(Records contained in a dataset)
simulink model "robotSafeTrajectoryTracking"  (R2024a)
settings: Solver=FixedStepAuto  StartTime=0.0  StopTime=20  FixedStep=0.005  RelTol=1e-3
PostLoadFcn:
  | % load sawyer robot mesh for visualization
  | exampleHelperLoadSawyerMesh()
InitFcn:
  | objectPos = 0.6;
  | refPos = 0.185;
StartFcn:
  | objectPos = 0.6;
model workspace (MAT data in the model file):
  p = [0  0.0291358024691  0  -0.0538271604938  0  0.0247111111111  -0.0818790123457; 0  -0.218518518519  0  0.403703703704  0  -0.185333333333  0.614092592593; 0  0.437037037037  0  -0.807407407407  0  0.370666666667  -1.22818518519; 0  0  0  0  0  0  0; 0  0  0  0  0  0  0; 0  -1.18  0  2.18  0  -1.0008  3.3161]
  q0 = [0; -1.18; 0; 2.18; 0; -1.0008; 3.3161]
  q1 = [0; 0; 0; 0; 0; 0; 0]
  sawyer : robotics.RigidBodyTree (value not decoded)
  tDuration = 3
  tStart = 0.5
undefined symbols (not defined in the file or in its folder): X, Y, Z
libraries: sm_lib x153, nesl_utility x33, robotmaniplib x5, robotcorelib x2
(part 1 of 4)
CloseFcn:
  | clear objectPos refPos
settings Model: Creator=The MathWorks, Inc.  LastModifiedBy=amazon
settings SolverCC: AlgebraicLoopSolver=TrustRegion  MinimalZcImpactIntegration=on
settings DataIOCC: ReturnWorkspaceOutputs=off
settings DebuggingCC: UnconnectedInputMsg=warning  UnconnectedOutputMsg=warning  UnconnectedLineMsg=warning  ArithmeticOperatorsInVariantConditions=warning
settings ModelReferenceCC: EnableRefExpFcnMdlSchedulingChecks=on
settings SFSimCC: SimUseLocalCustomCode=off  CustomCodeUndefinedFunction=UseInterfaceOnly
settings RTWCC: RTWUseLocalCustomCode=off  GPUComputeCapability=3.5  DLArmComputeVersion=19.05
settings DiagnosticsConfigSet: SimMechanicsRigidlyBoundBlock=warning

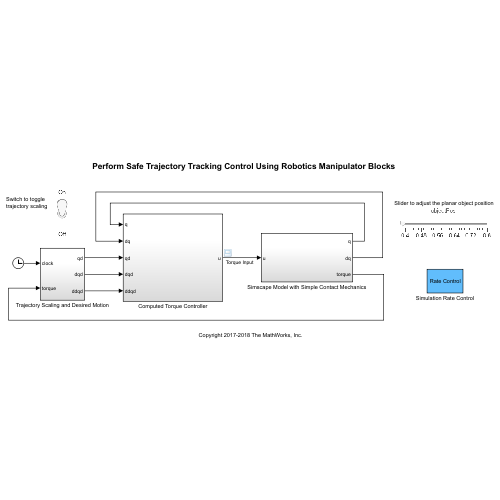
[thumbnail: Simulink's stored preview of the top-level diagram]
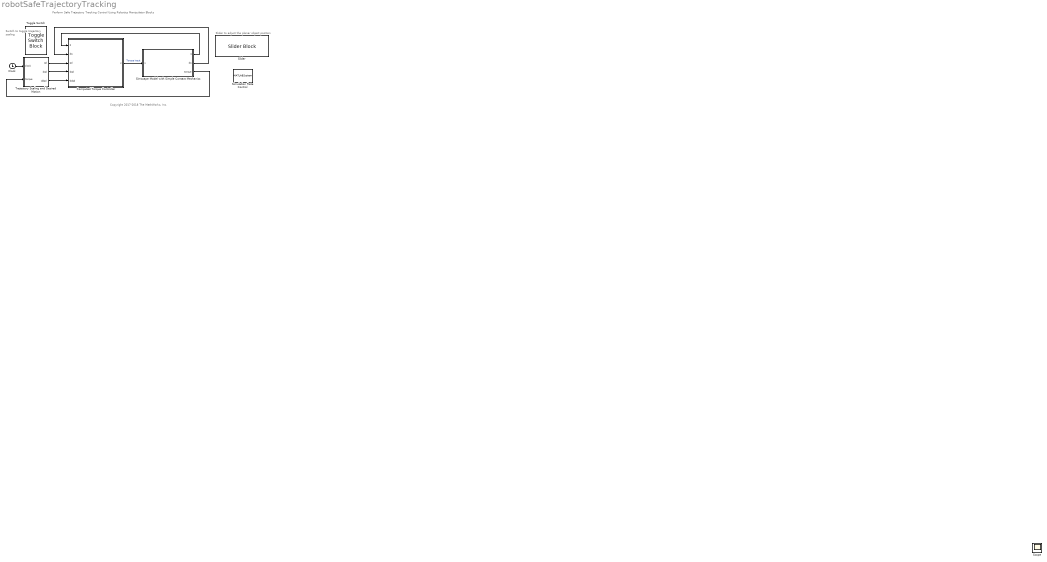
== system robotSafeTrajectoryTracking ==
  note: Perform Safe Trajectory Tracking Control Using Robotics Manipulator Blocks
  note: Switch to toggle
      | trajectory scaling
  note: Copyright 2017-2018 The MathWorks, Inc.
  note: Slider to adjust the planar object position
  Clock : Clock
  Computed Torque Controller : Subsystem
  Simscape Model with Simple Contact Mechanics : Subsystem
  Simulation Rate Control : MATLABSystem  System=ExampleHelperSimulationRateControl  SampleTime=0.005
      mask Type: ExampleHelperSimulationRateControl
      mask Display: disp('Rate Control');
  Slider : SliderBlock  ScaleMin=0.40000000000000002  ScaleMax=0.80000000000000004
  Toggle Switch : ToggleSwitchBlock  LabelPosition=Hide
      settings: Values={{'Off', 'On'}, [0 1]}
  Trajectory Scaling and Desired Motion : Subsystem
  Scope : Scope
  wires:
  Trajectory Scaling and Desired Motion/1(qd) -> Computed Torque Controller/3(qd)
  Trajectory Scaling and Desired Motion/2(dqd) -> Computed Torque Controller/4(dqd)
  Trajectory Scaling and Desired Motion/3(ddqd) -> Computed Torque Controller/5(ddqd)
  Clock/1 -> Trajectory Scaling and Desired Motion/1(clock)
  Simscape Model with Simple Contact Mechanics/1(q) -> Computed Torque Controller/1(q)
  Simscape Model with Simple Contact Mechanics/2(dq) -> Computed Torque Controller/2(dq)
  Simscape Model with Simple Contact Mechanics/3(torque) -> Trajectory Scaling and Desired Motion/2(torque)
  Computed Torque Controller/1(u) -> Simscape Model with Simple Contact Mechanics/1(u)  "Torque Input"

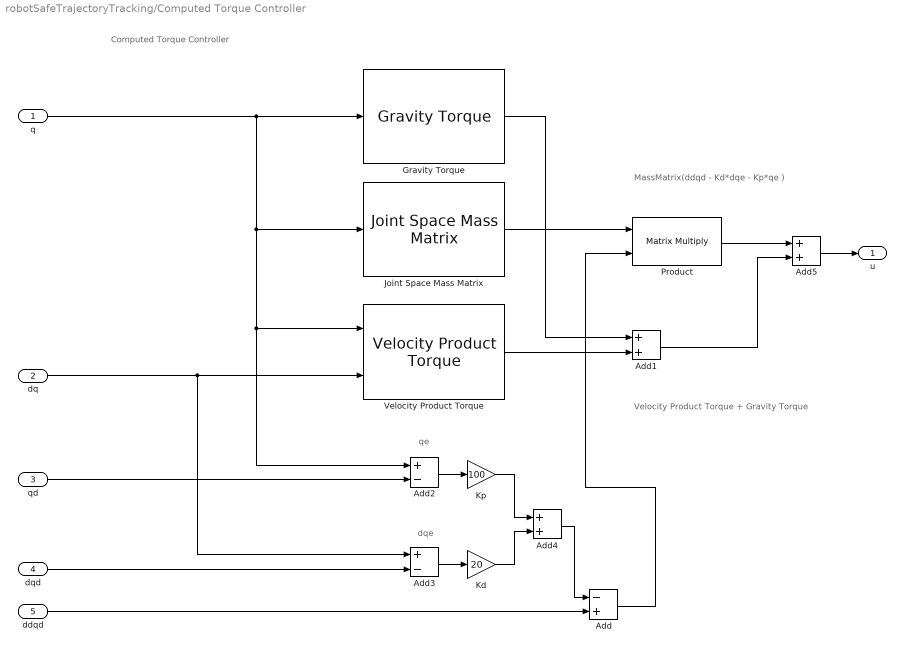
== system robotSafeTrajectoryTracking/Computed Torque Controller ==
  note: qe
  note: dqe
  note: Velocity Product Torque + Gravity Torque
  note: MassMatrix(ddqd - Kd*dqe - Kp*qe )
  note: Computed Torque Controller
  q : Inport
  dq : Inport  Port=2
  qd : Inport  Port=3
  dqd : Inport  Port=4
  ddqd : Inport  Port=5
  Add : Sum  Inputs=-+
  Add1 : Sum
  Add2 : Sum  Inputs=+-
  Add3 : Sum  Inputs=+-
  Add4 : Sum
  Add5 : Sum
  Gravity Torque : robotmaniplib/Gravity Torque  RigidBodyTree=sawyer  SimulateUsing=Interpreted execution
  Joint Space Mass Matrix : robotmaniplib/Joint Space Mass Matrix  RigidBodyTree=sawyer  SimulateUsing=Interpreted execution
  Kd : Gain  Gain=20
  Kp : Gain  Gain=100
  Product : Product  Multiplication=Matrix(*)
  Velocity Product Torque : robotmaniplib/Velocity Product Torque  RigidBodyTree=sawyer  SimulateUsing=Interpreted execution
  u : Outport  VectorParamsAs1DForOutWhenUnconnected=off
  wires:
  Joint Space Mass Matrix/1 -> Product/1
  q/1 -> Gravity Torque/1, Joint Space Mass Matrix/1, Add2/1, Velocity Product Torque/1
  dq/1 -> Velocity Product Torque/2, Add3/1
  Add4/1 -> Add/1
  ddqd/1 -> Add/2
  Add/1 -> Product/2
  qd/1 -> Add2/2
  dqd/1 -> Add3/2
  Add2/1 -> Kp/1
  Add3/1 -> Kd/1
  Kp/1 -> Add4/1
  Kd/1 -> Add4/2
  Add5/1 -> u/1
  Product/1 -> Add5/1
  Add1/1 -> Add5/2
  Gravity Torque/1 -> Add1/1
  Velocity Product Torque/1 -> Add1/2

YOUR TASK: Filter the entries and keep only the lines holding "file".

PROBLEM SOLUTION:
model workspace (MAT data in the model file):
undefined symbols (not defined in the file or in its folder): X, Y, Z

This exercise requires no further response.